Consolidated Uranium Announces Closing Of C$20.0 Million Bought Deal Private Placement

Consolidated Uranium Inc. (“CUR” or the “Company”) (TSXV: CUR) (OTCQB: CURUF) is pleased to announce the closing of its previously announced “bought deal” private placement (the “Offering”) for gross proceeds of C$20,000,750 from the sale of 7,547,453 units of the Company (the “Units”) at a price of C$2.65 per Unit (the “Unit Price”), which includes the full exercise of the over-allotment option. Due to significant demand, the Offering was upsized from its original gross proceeds of C$15.0 million. Red Cloud Securities Inc. acted as lead underwriter and sole bookrunner on behalf of a syndicate of underwriters that included Haywood Securities Inc. and PI Financial Corp. (collectively, the “Underwriters”).

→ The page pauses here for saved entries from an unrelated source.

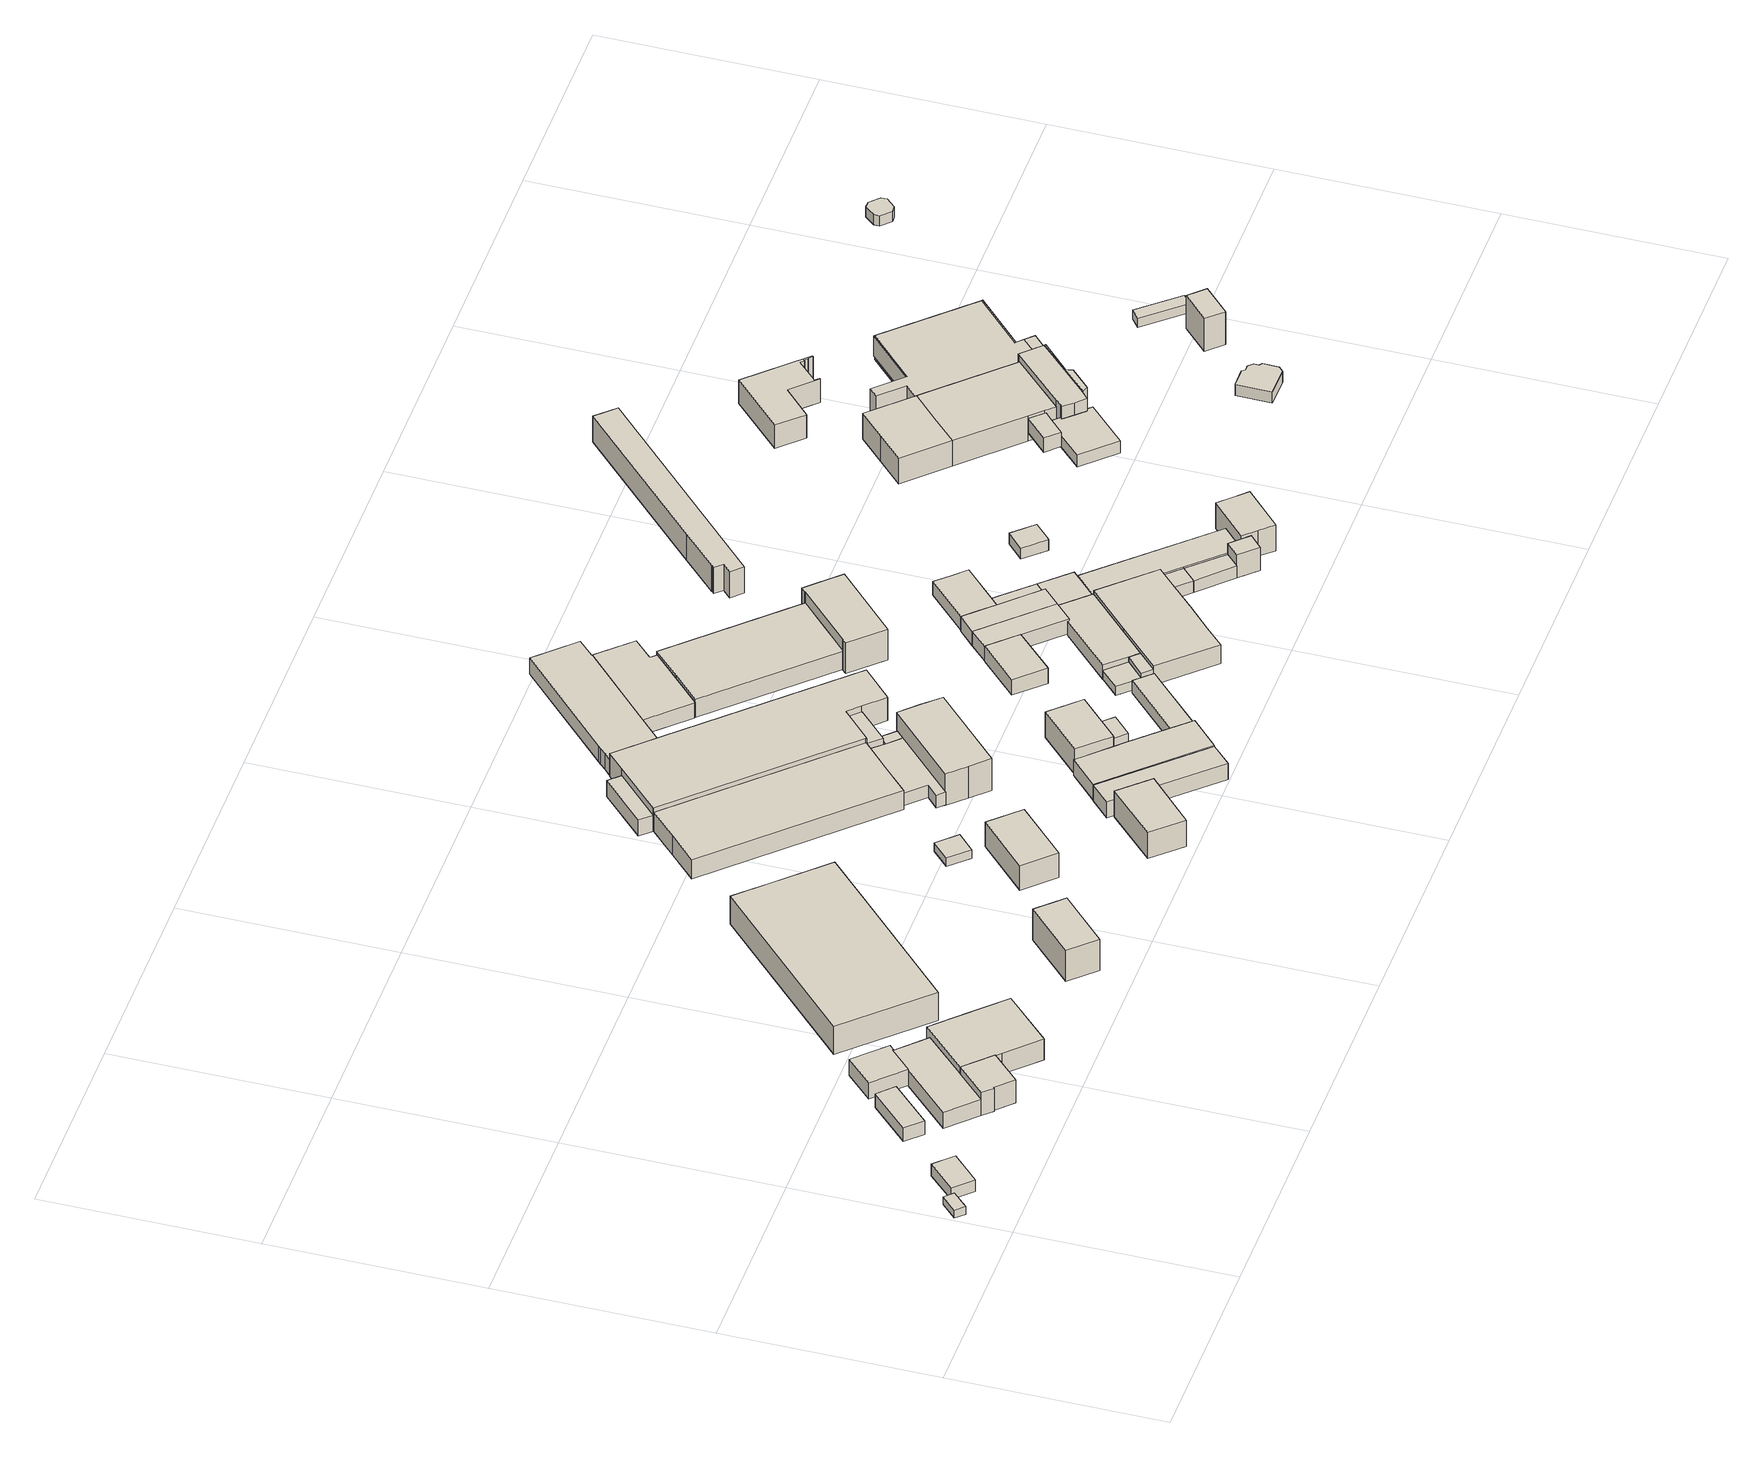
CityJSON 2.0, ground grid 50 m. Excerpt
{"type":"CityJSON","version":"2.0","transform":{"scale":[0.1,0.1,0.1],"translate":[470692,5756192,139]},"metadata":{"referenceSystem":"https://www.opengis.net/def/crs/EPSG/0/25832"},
"CityObjects":{
"building1":{"type":"Building","attributes":{"Gemeindeschluessel":"05711000","BezugspunktDach":"2000","function":"31001_9998","measuredHeight":2.02},"address":[{"country":"Germany","locality":"Bielefeld","thoroughfareNumber":"7","thoroughfareName":"Edisonstraße"}],"geometry":[{"type":"Solid","lod":"1","boundaries":[[[[0,1,2,3]],[[4,5,6,7]],[[4,7,3,2]],[[5,4,2,1]],[[6,5,1,0]],[[7,6,0,3]]]]}]},
"building2":{"type":"Building","attributes":{"Gemeindeschluessel":"05711000","BezugspunktDach":"2000","function":"31001_9998","measuredHeight":3.13},"address":[{"country":"Germany","locality":"Bielefeld","thoroughfareNumber":"13","thoroughfareName":"Edisonstraße"}],"geometry":[{"type":"Solid","lod":"1","boundaries":[[[[8,9,10,11]],[[12,13,14,15]],[[12,15,11,10]],[[13,12,10,9]],[[14,13,9,8]],[[15,14,8,11]]]]}]},
"building3":{"type":"Building","attributes":{"Gemeindeschluessel":"05711000","BezugspunktDach":"2000","function":"31001_9998","measuredHeight":3.71},"address":[{"country":"Germany","locality":"Bielefeld","thoroughfareNumber":"13","thoroughfareName":"Edisonstraße"}],"geometry":[{"type":"Solid","lod":"1","boundaries":[[[[16,17,18,19]],[[20,21,22,23]],[[20,23,19,18]],[[21,20,18,17]],[[22,21,17,16]],[[23,22,16,19]]]]}]},
"building4":{"type":"Building","attributes":{"Gemeindeschluessel":"05711000","BezugspunktDach":"2000","function":"31001_1010","measuredHeight":6.26},"address":[{"country":"Germany","locality":"Bielefeld","thoroughfareNumber":"11","thoroughfareName":"Edisonstraße"}],"geometry":[{"type":"Solid","lod":"1","boundaries":[[[[24,25,26,27,28,29]],[[30,31,32,33,34,35]],[[30,35,29,28]],[[31,30,28,27]],[[32,31,27,26]],[[33,32,26,25]],[[34,33,25,24]],[[35,34,24,29]]]]}]},
"building5":{"type":"Building","attributes":{"Gemeindeschluessel":"05711000","BezugspunktDach":"2000","function":"31001_2100","measuredHeight":4.47},"address":[{"country":"Germany","locality":"Bielefeld","thoroughfareNumber":"13","thoroughfareName":"Edisonstraße"}],"geometry":[{"type":"Solid","lod":"1","boundaries":[[[[36,37,38,39,40,41,42]],[[33,43,44,45,46,47,34]],[[33,34,42,41]],[[43,33,41,40]],[[44,43,40,39]],[[45,44,39,38]],[[46,45,38,37]],[[47,46,37,36]],[[34,47,36,42]]]]}]},
"building6":{"type":"Building","attributes":{"Gemeindeschluessel":"05711000","BezugspunktDach":"2000","function":"31001_2100","measuredHeight":5.77},"address":[{"country":"Germany","locality":"Bielefeld","thoroughfareNumber":"13","thoroughfareName":"Edisonstraße"}],"geometry":[{"type":"Solid","lod":"1","boundaries":[[[[48,49,50,51,52,53]],[[54,55,56,57,58,59]],[[54,59,53,52]],[[55,54,52,51]],[[56,55,51,50]],[[57,56,50,49]],[[58,57,49,48]],[[59,58,48,53]]]]}]},
"building7":{"type":"Building","attributes":{"Gemeindeschluessel":"05711000","BezugspunktDach":"2000","function":"31001_2100","measuredHeight":6.58},"address":[{"country":"Germany","locality":"Bielefeld","thoroughfareNumber":"11","thoroughfareName":"Edisonstraße"}],"geometry":[{"type":"Solid","lod":"1","boundaries":[[[[60,61,62,63,64,65]],[[66,67,68,69,70,71]],[[66,71,65,64]],[[67,66,64,63]],[[68,67,63,62]],[[69,68,62,61]],[[70,69,61,60]],[[71,70,60,65]]]]}]},
"building8":{"type":"Building","attributes":{"Gemeindeschluessel":"05711000","BezugspunktDach":"2000","function":"31001_2100","measuredHeight":7.68},"address":[{"country":"Germany","locality":"Bielefeld","thoroughfareNumber":"15","thoroughfareName":"Edisonstraße"}],"geometry":[{"type":"Solid","lod":"1","boundaries":[[[[72,73,74,75,76,77]],[[78,79,80,81,82,83]],[[78,83,77,76]],[[79,78,76,75]],[[80,79,75,74]],[[81,80,74,73]],[[82,81,73,72]],[[83,82,72,77]]]]}]},
"building9":{"type":"Building","attributes":{"Gemeindeschluessel":"05711000","BezugspunktDach":"2000","function":"31001_2100","measuredHeight":8.53},"address":[{"country":"Germany","locality":"Bielefeld","thoroughfareNumber":"15","thoroughfareName":"Edisonstraße"}],"geometry":[{"type":"Solid","lod":"1","boundaries":[[[[84,85,86,87]],[[88,89,90,91]],[[88,91,87,86]],[[89,88,86,85]],[[90,89,85,84]],[[91,90,84,87]]]]}]},
"building10":{"type":"Building","attributes":{"Gemeindeschluessel":"05711000","BezugspunktDach":"2000","function":"31001_1100","measuredHeight":7.45},"address":[{"country":"Germany","locality":"Bielefeld","thoroughfareNumber":"15","thoroughfareName":"Edisonstraße"}],"geometry":[{"type":"Solid","lod":"1","boundaries":[[[[92,93,94,95]],[[96,97,98,99]],[[96,99,95,94]],[[97,96,94,93]],[[98,97,93,92]],[[99,98,92,95]]]]}]},
"building11":{"type":"Building","attributes":{"Gemeindeschluessel":"05711000","BezugspunktDach":"2000","function":"31001_9998","measuredHeight":2.25},"address":[{"country":"Germany","locality":"Bielefeld","thoroughfareNumber":"15","thoroughfareName":"Edisonstraße"}],"geometry":[{"type":"Solid","lod":"1","boundaries":[[[[100,101,102,103]],[[104,105,106,107]],[[104,107,103,102]],[[105,104,102,101]],[[106,105,101,100]],[[107,106,100,103]]]]}]},
"building12":{"type":"Building","attributes":{"Gemeindeschluessel":"05711000","BezugspunktDach":"2000","function":"31001_1100","measuredHeight":7.18},"address":[{"country":"Germany","locality":"Bielefeld","thoroughfareNumber":"2","thoroughfareName":"Edisonstraße"}],"geometry":[{"type":"Solid","lod":"1","boundaries":[[[[108,109,110,111]],[[112,113,114,115]],[[112,115,111,110]],[[113,112,110,109]],[[114,113,109,108]],[[115,114,108,111]]]]}]},
"building13":{"type":"Building","attributes":{"Gemeindeschluessel":"05711000","BezugspunktDach":"2000","function":"31001_2100","measuredHeight":5.97},"address":[{"country":"Germany","locality":"Bielefeld","thoroughfareNumber":"17","thoroughfareName":"Edisonstraße"}],"geometry":[{"type":"Solid","lod":"1","boundaries":[[[[116,117,118,119,120,121,122,123]],[[124,125,126,127,128,129,130,131]],[[124,131,123,122]],[[125,124,122,121]],[[126,125,121,120]],[[127,126,120,119]],[[128,127,119,118]],[[129,128,118,117]],[[130,129,117,116]],[[131,130,116,123]]]]}]},
"building14":{"type":"Building","attributes":{"Gemeindeschluessel":"05711000","BezugspunktDach":"2000","function":"31001_2100","measuredHeight":5.13},"address":[{"country":"Germany","locality":"Bielefeld","thoroughfareNumber":"2","thoroughfareName":"Edisonstraße"}],"geometry":[{"type":"Solid","lod":"1","boundaries":[[[[132,133,134,135,136,137]],[[138,139,140,141,142,143]],[[138,143,137,136]],[[139,138,136,135]],[[140,139,135,134]],[[141,140,134,133]],[[142,141,133,132]],[[143,142,132,137]]]]}]},
"building15":{"type":"Building","attributes":{"Gemeindeschluessel":"05711000","function":"31001_1100"},"address":[{"country":"Germany","locality":"Bielefeld","thoroughfareNumber":"17","thoroughfareName":"Edisonstraße"}],"children":["building15-1","building15-2"]},
"building15-1":{"type":"BuildingPart","attributes":{"BezugspunktDach":"2000","measuredHeight":9.42},"parents":["building15"],"geometry":[{"type":"Solid","lod":"1","boundaries":[[[[144,145,146,147,148,149]],[[150,151,152,153,154,155]],[[150,155,149,148]],[[151,150,148,147]],[[152,151,147,146]],[[153,152,146,145]],[[154,153,145,144]],[[155,154,144,149]]]]}]},
"building15-2":{"type":"BuildingPart","attributes":{"BezugspunktDach":"2000","measuredHeight":3.49},"address":[{"country":"Germany","locality":"Bielefeld","thoroughfareNumber":"17","thoroughfareName":"Edisonstraße"}],"parents":["building15"],"geometry":[{"type":"Solid","lod":"1","boundaries":[[[[156,157,158,159,160,161,162,163]],[[164,165,166,131,129,167,168,169]],[[164,169,163,162]],[[165,164,162,161]],[[166,165,161,160]],[[131,166,160,159]],[[129,131,159,158]],[[167,129,158,157]],[[168,167,157,156]],[[169,168,156,163]]]]}]},
"building16":{"type":"Building","attributes":{"Gemeindeschluessel":"05711000","BezugspunktDach":"2000","function":"31001_2100","measuredHeight":4.36},"address":[{"country":"Germany","locality":"Bielefeld","thoroughfareNumber":"4","thoroughfareName":"Edisonstraße"}],"geometry":[{"type":"Solid","lod":"1","boundaries":[[[[170,171,172,173,174,175,176]],[[177,178,179,180,181,182,183]],[[177,183,176,175]],[[178,177,175,174]],[[179,178,174,173]],[[180,179,173,172]],[[181,180,172,171]],[[182,181,171,170]],[[183,182,170,176]]]]}]},
"building17":{"type":"Building","attributes":{"Gemeindeschluessel":"05711000","function":"31001_2100"},"address":[{"country":"Germany","locality":"Bielefeld","thoroughfareNumber":"17","thoroughfareName":"Edisonstraße"}],"children":["building17-1","building17-2"]},
"building17-1":{"type":"BuildingPart","attributes":{"BezugspunktDach":"2000","measuredHeight":6.45},"parents":["building17"],"geometry":[{"type":"Solid","lod":"1","boundaries":[[[[184,185,186,187,188,189,190,191,192,193,194,195]],[[196,197,198,199,200,128,127,201,202,203,204,205]],[[196,205,195,194]],[[197,196,194,193]],[[198,197,193,192]],[[199,198,192,191]],[[200,199,191,190]],[[128,200,190,189]],[[127,128,189,188]],[[201,127,188,187]],[[202,201,187,186]],[[203,202,186,185]],[[204,203,185,184]],[[205,204,184,195]]]]}]},
"building17-2":{"type":"BuildingPart","attributes":{"BezugspunktDach":"2000","measuredHeight":4.41},"address":[{"country":"Germany","locality":"Bielefeld","thoroughfareNumber":"17","thoroughfareName":"Edisonstraße"}],"parents":["building17"],"geometry":[{"type":"Solid","lod":"1","boundaries":[[[[206,207,208,209]],[[201,210,211,202]],[[201,202,209,208]],[[210,201,208,207]],[[211,210,207,206]],[[202,211,206,209]]]]}]},
"building18":{"type":"Building","attributes":{"Gemeindeschluessel":"05711000","BezugspunktDach":"2000","function":"31001_2523","measuredHeight":3.51},"address":[{"country":"Germany","locality":"Bielefeld","thoroughfareNumber":"17","thoroughfareName":"Edisonstraße"}],"geometry":[{"type":"Solid","lod":"1","boundaries":[[[[212,157,156,213]],[[168,167,214,215]],[[168,215,213,156]],[[167,168,156,157]],[[214,167,157,212]],[[215,214,212,213]]]]}]},
"building19":{"type":"Building","attributes":{"Gemeindeschluessel":"05711000","function":"31001_1100"},"address":[{"country":"Germany","locality":"Bielefeld","thoroughfareNumber":"4","thoroughfareName":"Edisonstraße"}],"children":["building19-1","building19-2"]},
"building19-1":{"type":"BuildingPart","attributes":{"BezugspunktDach":"2000","measuredHeight":7.54},"parents":["building19"],"geometry":[{"type":"Solid","lod":"1","boundaries":[[[[216,217,218,219]],[[220,221,222,223]],[[220,223,219,218]],[[221,220,218,217]],[[222,221,217,216]],[[223,222,216,219]]]]}]},
"building19-2":{"type":"BuildingPart","attributes":{"BezugspunktDach":"2000","measuredHeight":6.31},"parents":["building19"],"geometry":[{"type":"Solid","lod":"1","boundaries":[[[[224,225,226,227]],[[228,220,229,230]],[[228,230,227,226]],[[220,228,226,225]],[[229,220,225,224]],[[230,229,224,227]]]]}]},
"building20":{"type":"Building","attributes":{"Gemeindeschluessel":"05711000","BezugspunktDach":"2000","function":"51009_1610","measuredHeight":4.84},"address":[{"country":"Germany"}],"geometry":[{"type":"Solid","lod":"1","boundaries":[[[[231,232,233,234]],[[235,200,199,198]],[[235,198,234,233]],[[200,235,233,232]],[[199,200,232,231]],[[198,199,231,234]]]]}]},
"building21":{"type":"Building","attributes":{"Gemeindeschluessel":"05711000","BezugspunktDach":"2000","function":"31001_2100","measuredHeight":4.46},"address":[{"country":"Germany","locality":"Bielefeld","thoroughfareNumber":"19","thoroughfareName":"Edisonstraße"}],"geometry":[{"type":"Solid","lod":"1","boundaries":[[[[236,237,238,239,240,241,242,243,244,245,246]],[[247,248,249,250,251,252,253,254,255,256,257]],[[247,257,246,245]],[[248,247,245,244]],[[249,248,244,243]],[[250,249,243,242]],[[251,250,242,241]],[[252,251,241,240]],[[253,252,240,239]],[[254,253,239,238]],[[255,254,238,237]],[[256,255,237,236]],[[257,256,236,246]]]]}]},
"building22":{"type":"Building","attributes":{"Gemeindeschluessel":"05711000","BezugspunktDach":"2000","function":"31001_2100","measuredHeight":3.38},"address":[{"country":"Germany","locality":"Bielefeld","thoroughfareNumber":"4","thoroughfareName":"Edisonstraße"}],"geometry":[{"type":"Solid","lod":"1","boundaries":[[[[258,259,260,261]],[[183,182,262,263]],[[183,263,261,260]],[[182,183,260,259]],[[262,182,259,258]],[[263,262,258,261]]]]}]},
"building23":{"type":"Building","attributes":{"Gemeindeschluessel":"05711000","BezugspunktDach":"2000","function":"31001_2100","measuredHeight":4.14},"address":[{"country":"Germany","locality":"Bielefeld","thoroughfareNumber":"19","thoroughfareName":"Edisonstraße"}],"geometry":[{"type":"Solid","lod":"1","boundaries":[[[[264,265,266,237,236,267,268]],[[269,270,271,272,273,274,275]],[[269,275,268,267]],[[270,269,267,236]],[[271,270,236,237]],[[272,271,237,266]],[[273,272,266,265]],[[274,273,265,264]],[[275,274,264,268]]]]}]},
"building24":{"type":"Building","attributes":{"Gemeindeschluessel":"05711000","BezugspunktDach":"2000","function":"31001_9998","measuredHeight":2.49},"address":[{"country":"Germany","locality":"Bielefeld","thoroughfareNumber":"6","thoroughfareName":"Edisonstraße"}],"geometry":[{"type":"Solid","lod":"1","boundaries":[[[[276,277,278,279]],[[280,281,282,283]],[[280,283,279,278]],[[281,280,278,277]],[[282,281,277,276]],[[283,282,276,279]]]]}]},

Philip Williams, President and CEO commented, “we are very pleased to have completed another over-subscribed and strongly institutionally subscribed private placement. I want to take the opportunity to thank existing and new shareholders for their support and confidence in the Company and our business plan, which remains to continue to build out the portfolio, the team and aggressively advance our current projects with a particular focus on the newly acquired past producing mines in the U.S. We strongly believe that with our strengthened balance sheet and track record of adding accretive acquisitions, we are well positioned to continue to execute and add value for all shareholders.”
Each Unit is comprised of one common share in the capital of the Company (each a “Unit Share”) and one half of one common share purchase warrant of the Company (each whole warrant, a “Warrant”). Each Warrant is exercisable to acquire one common share of the Company at a price of C$4.00 at any time on or before November 22, 2023.
The net proceeds raised from the Offering are expected to be used for general working capital purposes. In connection with the Offering, the Company paid to the Underwriters aggregate cash commissions of C$1,200,045 and issued to the Underwriters 452,847 warrants of the Company (the “Broker Warrants”). Each Broker Warrant is exercisable to acquire one common share of the Company at a price of C$2.65 at any time on or before November 22, 2023.
In addition, as previously announced, in satisfaction of $4,968,975.25 of the deferred cash payments that the Company owes to certain wholly-owned subsidiaries of Energy Fuels Inc. (“EFR”) pursuant to the asset purchase agreement announced on July 15, 2021 that closed on October 27, 2021, the Company has issued to EFR 1,875,085 common shares of the Company and 937,542 Warrants.
All securities issued in connection with the Offering and to EFR are subject to a statutory hold period under Canadian securities legislation ending on March 23, 2022.
About Consolidated Uranium
Consolidated Uranium Inc. (TSXV: CUR) (OTCQB: CURUF) was created in early 2020 to capitalize on an anticipated uranium market resurgence using the proven model of diversified project consolidation. To date, the Company has acquired or has the right to acquire uranium projects in Australia, Canada, Argentina, and the United States each with significant past expenditures and attractive characteristics for development. Most recently, the Company completed a transformational strategic acquisition and alliance with Energy Fuels Inc. (NYSE American: UUUU) (TSX: EFR), a leading U.S.-based uranium mining company, and acquired a portfolio of permitted, past-producing conventional uranium and
vanadium mines in Utah and Colorado. These mines are currently on stand-by, ready for rapid restart as market conditions permit, positioning CUR as a near-term uranium producer.